● **EXERCISE**:
Nothing but the pictures is dropped; write out all the remaining data below exactly.

Excerpts from a dataset

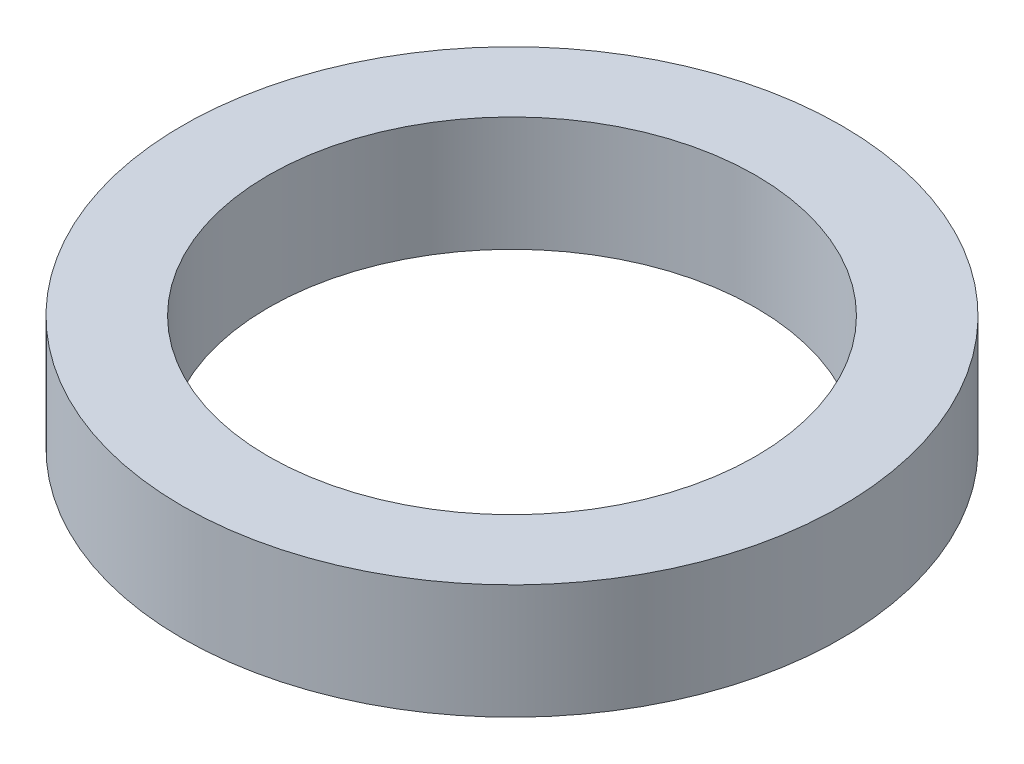
ISO-10303-21;
HEADER;
FILE_DESCRIPTION(('STEP AP214'),'2;1');
FILE_NAME('part.step','',(''),(''),'','','');
FILE_SCHEMA(('AUTOMOTIVE_DESIGN { 1 0 10303 214 1 1 1 1 }'));
ENDSEC;
DATA;
#1=APPLICATION_CONTEXT('core data for automotive mechanical design processes');
#2=APPLICATION_PROTOCOL_DEFINITION('international standard','automotive_design',2000,#1);
#3=PRODUCT_CONTEXT('',#1,'mechanical');
#4=PRODUCT('Part','Part','',(#3));
#5=PRODUCT_RELATED_PRODUCT_CATEGORY('part','',(#4));
#6=PRODUCT_DEFINITION_FORMATION('','',#4);
#7=PRODUCT_DEFINITION_CONTEXT('part definition',#1,'design');
#8=PRODUCT_DEFINITION('design','',#6,#7);
#9=PRODUCT_DEFINITION_SHAPE('','',#8);
#10=(LENGTH_UNIT() NAMED_UNIT(*) SI_UNIT(.MILLI.,.METRE.));
#11=(NAMED_UNIT(*) PLANE_ANGLE_UNIT() SI_UNIT($,.RADIAN.));
#12=(NAMED_UNIT(*) SI_UNIT($,.STERADIAN.) SOLID_ANGLE_UNIT());
#13=UNCERTAINTY_MEASURE_WITH_UNIT(LENGTH_MEASURE(1.E-05),#10,'distance_accuracy_value','');
#14=(GEOMETRIC_REPRESENTATION_CONTEXT(3) GLOBAL_UNCERTAINTY_ASSIGNED_CONTEXT((#13)) GLOBAL_UNIT_ASSIGNED_CONTEXT((#10,
#11,#12)) REPRESENTATION_CONTEXT('',''));
#15=CARTESIAN_POINT('',(0.,0.,0.));
#16=DIRECTION('',(0.,0.,1.));
#17=DIRECTION('',(1.,0.,0.));
#18=AXIS2_PLACEMENT_3D('',#15,#16,#17);
#19=CARTESIAN_POINT('',(0.,20.,0.));
#20=DIRECTION('',(0.,-1.,0.));
#21=DIRECTION('',(0.,0.,-1.));
#22=AXIS2_PLACEMENT_3D('',#19,#20,#21);
#23=CYLINDRICAL_SURFACE('',#22,57.5);
#24=CARTESIAN_POINT('',(0.,20.,0.));
#25=DIRECTION('',(0.,1.,0.));
#26=DIRECTION('',(0.,0.,1.));
#27=AXIS2_PLACEMENT_3D('',#24,#25,#26);
#28=CIRCLE('',#27,57.5);
#29=CARTESIAN_POINT('',(0.,20.,57.5));
#30=VERTEX_POINT('',#29);
#31=EDGE_CURVE('E10',#30,#30,#28,.T.);
#32=ORIENTED_EDGE('',*,*,#31,.F.);
#33=EDGE_LOOP('',(#32));
#34=FACE_BOUND('',#33,.T.);
#35=CARTESIAN_POINT('',(0.,0.,0.));
#36=DIRECTION('',(0.,1.,0.));
#37=DIRECTION('',(0.,0.,1.));
#38=AXIS2_PLACEMENT_3D('',#35,#36,#37);
#39=CIRCLE('',#38,57.5);
#40=CARTESIAN_POINT('',(0.,0.,57.5));
#41=VERTEX_POINT('',#40);
#42=EDGE_CURVE('E37',#41,#41,#39,.T.);
#43=ORIENTED_EDGE('',*,*,#42,.T.);
#44=EDGE_LOOP('',(#43));
#45=FACE_BOUND('',#44,.T.);
#46=ADVANCED_FACE('F40',(#34,#45),#23,.T.);
#47=CARTESIAN_POINT('',(0.,20.,0.));
#48=DIRECTION('',(0.,1.,0.));
#49=DIRECTION('',(0.,0.,1.));
#50=AXIS2_PLACEMENT_3D('',#47,#48,#49);
#51=PLANE('',#50);
#52=CARTESIAN_POINT('',(0.,20.,0.));
#53=DIRECTION('',(0.,1.,0.));
#54=DIRECTION('',(0.,0.,1.));
#55=AXIS2_PLACEMENT_3D('',#52,#53,#54);
#56=CIRCLE('',#55,42.5);
#57=CARTESIAN_POINT('',(0.,20.,42.5));
#58=VERTEX_POINT('',#57);
#59=EDGE_CURVE('E50',#58,#58,#56,.T.);
#60=ORIENTED_EDGE('',*,*,#59,.F.);
#61=EDGE_LOOP('',(#60));
#62=FACE_BOUND('',#61,.T.);
#63=ORIENTED_EDGE('',*,*,#31,.T.);
#64=EDGE_LOOP('',(#63));
#65=FACE_BOUND('',#64,.T.);
#66=ADVANCED_FACE('F59',(#62,#65),#51,.T.);
#67=CARTESIAN_POINT('',(0.,0.,0.));
#68=DIRECTION('',(0.,1.,0.));
#69=DIRECTION('',(0.,0.,1.));
#70=AXIS2_PLACEMENT_3D('',#67,#68,#69);
#71=PLANE('',#70);
#72=CARTESIAN_POINT('',(0.,0.,0.));
#73=DIRECTION('',(0.,1.,0.));
#74=DIRECTION('',(0.,0.,1.));
#75=AXIS2_PLACEMENT_3D('',#72,#73,#74);
#76=CIRCLE('',#75,42.5);
#77=CARTESIAN_POINT('',(0.,0.,42.5));
#78=VERTEX_POINT('',#77);
#79=EDGE_CURVE('E47',#78,#78,#76,.T.);
#80=ORIENTED_EDGE('',*,*,#79,.T.);
#81=EDGE_LOOP('',(#80));
#82=FACE_BOUND('',#81,.T.);
#83=ORIENTED_EDGE('',*,*,#42,.F.);
#84=EDGE_LOOP('',(#83));
#85=FACE_BOUND('',#84,.T.);
#86=ADVANCED_FACE('F58',(#82,#85),#71,.F.);
#87=CARTESIAN_POINT('',(0.,20.,0.));
#88=DIRECTION('',(0.,-1.,0.));
#89=DIRECTION('',(0.,0.,-1.));
#90=AXIS2_PLACEMENT_3D('',#87,#88,#89);
#91=CYLINDRICAL_SURFACE('',#90,42.5);
#92=ORIENTED_EDGE('',*,*,#59,.T.);
#93=EDGE_LOOP('',(#92));
#94=FACE_BOUND('',#93,.T.);
#95=ORIENTED_EDGE('',*,*,#79,.F.);
#96=EDGE_LOOP('',(#95));
#97=FACE_BOUND('',#96,.T.);
#98=ADVANCED_FACE('F54',(#94,#97),#91,.F.);
#99=CLOSED_SHELL('',(#46,#66,#86,#98));
#100=MANIFOLD_SOLID_BREP('B2',#99);
#101=ADVANCED_BREP_SHAPE_REPRESENTATION('',(#18,#100),#14);
#102=SHAPE_DEFINITION_REPRESENTATION(#9,#101);
ENDSEC;
END-ISO-10303-21;

● **ANSWER BOX**:
ISO-10303-21;
HEADER;
FILE_DESCRIPTION(('STEP AP214'),'2;1');
FILE_NAME('part.step','',(''),(''),'','','');
FILE_SCHEMA(('AUTOMOTIVE_DESIGN { 1 0 10303 214 1 1 1 1 }'));
ENDSEC;
DATA;
#1=APPLICATION_CONTEXT('core data for automotive mechanical design processes');
#2=APPLICATION_PROTOCOL_DEFINITION('international standard','automotive_design',2000,#1);
#3=PRODUCT_CONTEXT('',#1,'mechanical');
#4=PRODUCT('Part','Part','',(#3));
#5=PRODUCT_RELATED_PRODUCT_CATEGORY('part','',(#4));
#6=PRODUCT_DEFINITION_FORMATION('','',#4);
#7=PRODUCT_DEFINITION_CONTEXT('part definition',#1,'design');
#8=PRODUCT_DEFINITION('design','',#6,#7);
#9=PRODUCT_DEFINITION_SHAPE('','',#8);
#10=(LENGTH_UNIT() NAMED_UNIT(*) SI_UNIT(.MILLI.,.METRE.));
#11=(NAMED_UNIT(*) PLANE_ANGLE_UNIT() SI_UNIT($,.RADIAN.));
#12=(NAMED_UNIT(*) SI_UNIT($,.STERADIAN.) SOLID_ANGLE_UNIT());
#13=UNCERTAINTY_MEASURE_WITH_UNIT(LENGTH_MEASURE(1.E-05),#10,'distance_accuracy_value','');
#14=(GEOMETRIC_REPRESENTATION_CONTEXT(3) GLOBAL_UNCERTAINTY_ASSIGNED_CONTEXT((#13)) GLOBAL_UNIT_ASSIGNED_CONTEXT((#10,
#11,#12)) REPRESENTATION_CONTEXT('',''));
#15=CARTESIAN_POINT('',(0.,0.,0.));
#16=DIRECTION('',(0.,0.,1.));
#17=DIRECTION('',(1.,0.,0.));
#18=AXIS2_PLACEMENT_3D('',#15,#16,#17);
#19=CARTESIAN_POINT('',(0.,20.,0.));
#20=DIRECTION('',(0.,-1.,0.));
#21=DIRECTION('',(0.,0.,-1.));
#22=AXIS2_PLACEMENT_3D('',#19,#20,#21);
#23=CYLINDRICAL_SURFACE('',#22,57.5);
#24=CARTESIAN_POINT('',(0.,20.,0.));
#25=DIRECTION('',(0.,1.,0.));
#26=DIRECTION('',(0.,0.,1.));
#27=AXIS2_PLACEMENT_3D('',#24,#25,#26);
#28=CIRCLE('',#27,57.5);
#29=CARTESIAN_POINT('',(0.,20.,57.5));
#30=VERTEX_POINT('',#29);
#31=EDGE_CURVE('E10',#30,#30,#28,.T.);
#32=ORIENTED_EDGE('',*,*,#31,.F.);
#33=EDGE_LOOP('',(#32));
#34=FACE_BOUND('',#33,.T.);
#35=CARTESIAN_POINT('',(0.,0.,0.));
#36=DIRECTION('',(0.,1.,0.));
#37=DIRECTION('',(0.,0.,1.));
#38=AXIS2_PLACEMENT_3D('',#35,#36,#37);
#39=CIRCLE('',#38,57.5);
#40=CARTESIAN_POINT('',(0.,0.,57.5));
#41=VERTEX_POINT('',#40);
#42=EDGE_CURVE('E37',#41,#41,#39,.T.);
#43=ORIENTED_EDGE('',*,*,#42,.T.);
#44=EDGE_LOOP('',(#43));
#45=FACE_BOUND('',#44,.T.);
#46=ADVANCED_FACE('F40',(#34,#45),#23,.T.);
#47=CARTESIAN_POINT('',(0.,20.,0.));
#48=DIRECTION('',(0.,1.,0.));
#49=DIRECTION('',(0.,0.,1.));
#50=AXIS2_PLACEMENT_3D('',#47,#48,#49);
#51=PLANE('',#50);
#52=CARTESIAN_POINT('',(0.,20.,0.));
#53=DIRECTION('',(0.,1.,0.));
#54=DIRECTION('',(0.,0.,1.));
#55=AXIS2_PLACEMENT_3D('',#52,#53,#54);
#56=CIRCLE('',#55,42.5);
#57=CARTESIAN_POINT('',(0.,20.,42.5));
#58=VERTEX_POINT('',#57);
#59=EDGE_CURVE('E50',#58,#58,#56,.T.);
#60=ORIENTED_EDGE('',*,*,#59,.F.);
#61=EDGE_LOOP('',(#60));
#62=FACE_BOUND('',#61,.T.);
#63=ORIENTED_EDGE('',*,*,#31,.T.);
#64=EDGE_LOOP('',(#63));
#65=FACE_BOUND('',#64,.T.);
#66=ADVANCED_FACE('F59',(#62,#65),#51,.T.);
#67=CARTESIAN_POINT('',(0.,0.,0.));
#68=DIRECTION('',(0.,1.,0.));
#69=DIRECTION('',(0.,0.,1.));
#70=AXIS2_PLACEMENT_3D('',#67,#68,#69);
#71=PLANE('',#70);
#72=CARTESIAN_POINT('',(0.,0.,0.));
#73=DIRECTION('',(0.,1.,0.));
#74=DIRECTION('',(0.,0.,1.));
#75=AXIS2_PLACEMENT_3D('',#72,#73,#74);
#76=CIRCLE('',#75,42.5);
#77=CARTESIAN_POINT('',(0.,0.,42.5));
#78=VERTEX_POINT('',#77);
#79=EDGE_CURVE('E47',#78,#78,#76,.T.);
#80=ORIENTED_EDGE('',*,*,#79,.T.);
#81=EDGE_LOOP('',(#80));
#82=FACE_BOUND('',#81,.T.);
#83=ORIENTED_EDGE('',*,*,#42,.F.);
#84=EDGE_LOOP('',(#83));
#85=FACE_BOUND('',#84,.T.);
#86=ADVANCED_FACE('F58',(#82,#85),#71,.F.);
#87=CARTESIAN_POINT('',(0.,20.,0.));
#88=DIRECTION('',(0.,-1.,0.));
#89=DIRECTION('',(0.,0.,-1.));
#90=AXIS2_PLACEMENT_3D('',#87,#88,#89);
#91=CYLINDRICAL_SURFACE('',#90,42.5);
#92=ORIENTED_EDGE('',*,*,#59,.T.);
#93=EDGE_LOOP('',(#92));
#94=FACE_BOUND('',#93,.T.);
#95=ORIENTED_EDGE('',*,*,#79,.F.);
#96=EDGE_LOOP('',(#95));
#97=FACE_BOUND('',#96,.T.);
#98=ADVANCED_FACE('F54',(#94,#97),#91,.F.);
#99=CLOSED_SHELL('',(#46,#66,#86,#98));
#100=MANIFOLD_SOLID_BREP('B2',#99);
#101=ADVANCED_BREP_SHAPE_REPRESENTATION('',(#18,#100),#14);
#102=SHAPE_DEFINITION_REPRESENTATION(#9,#101);
ENDSEC;
END-ISO-10303-21;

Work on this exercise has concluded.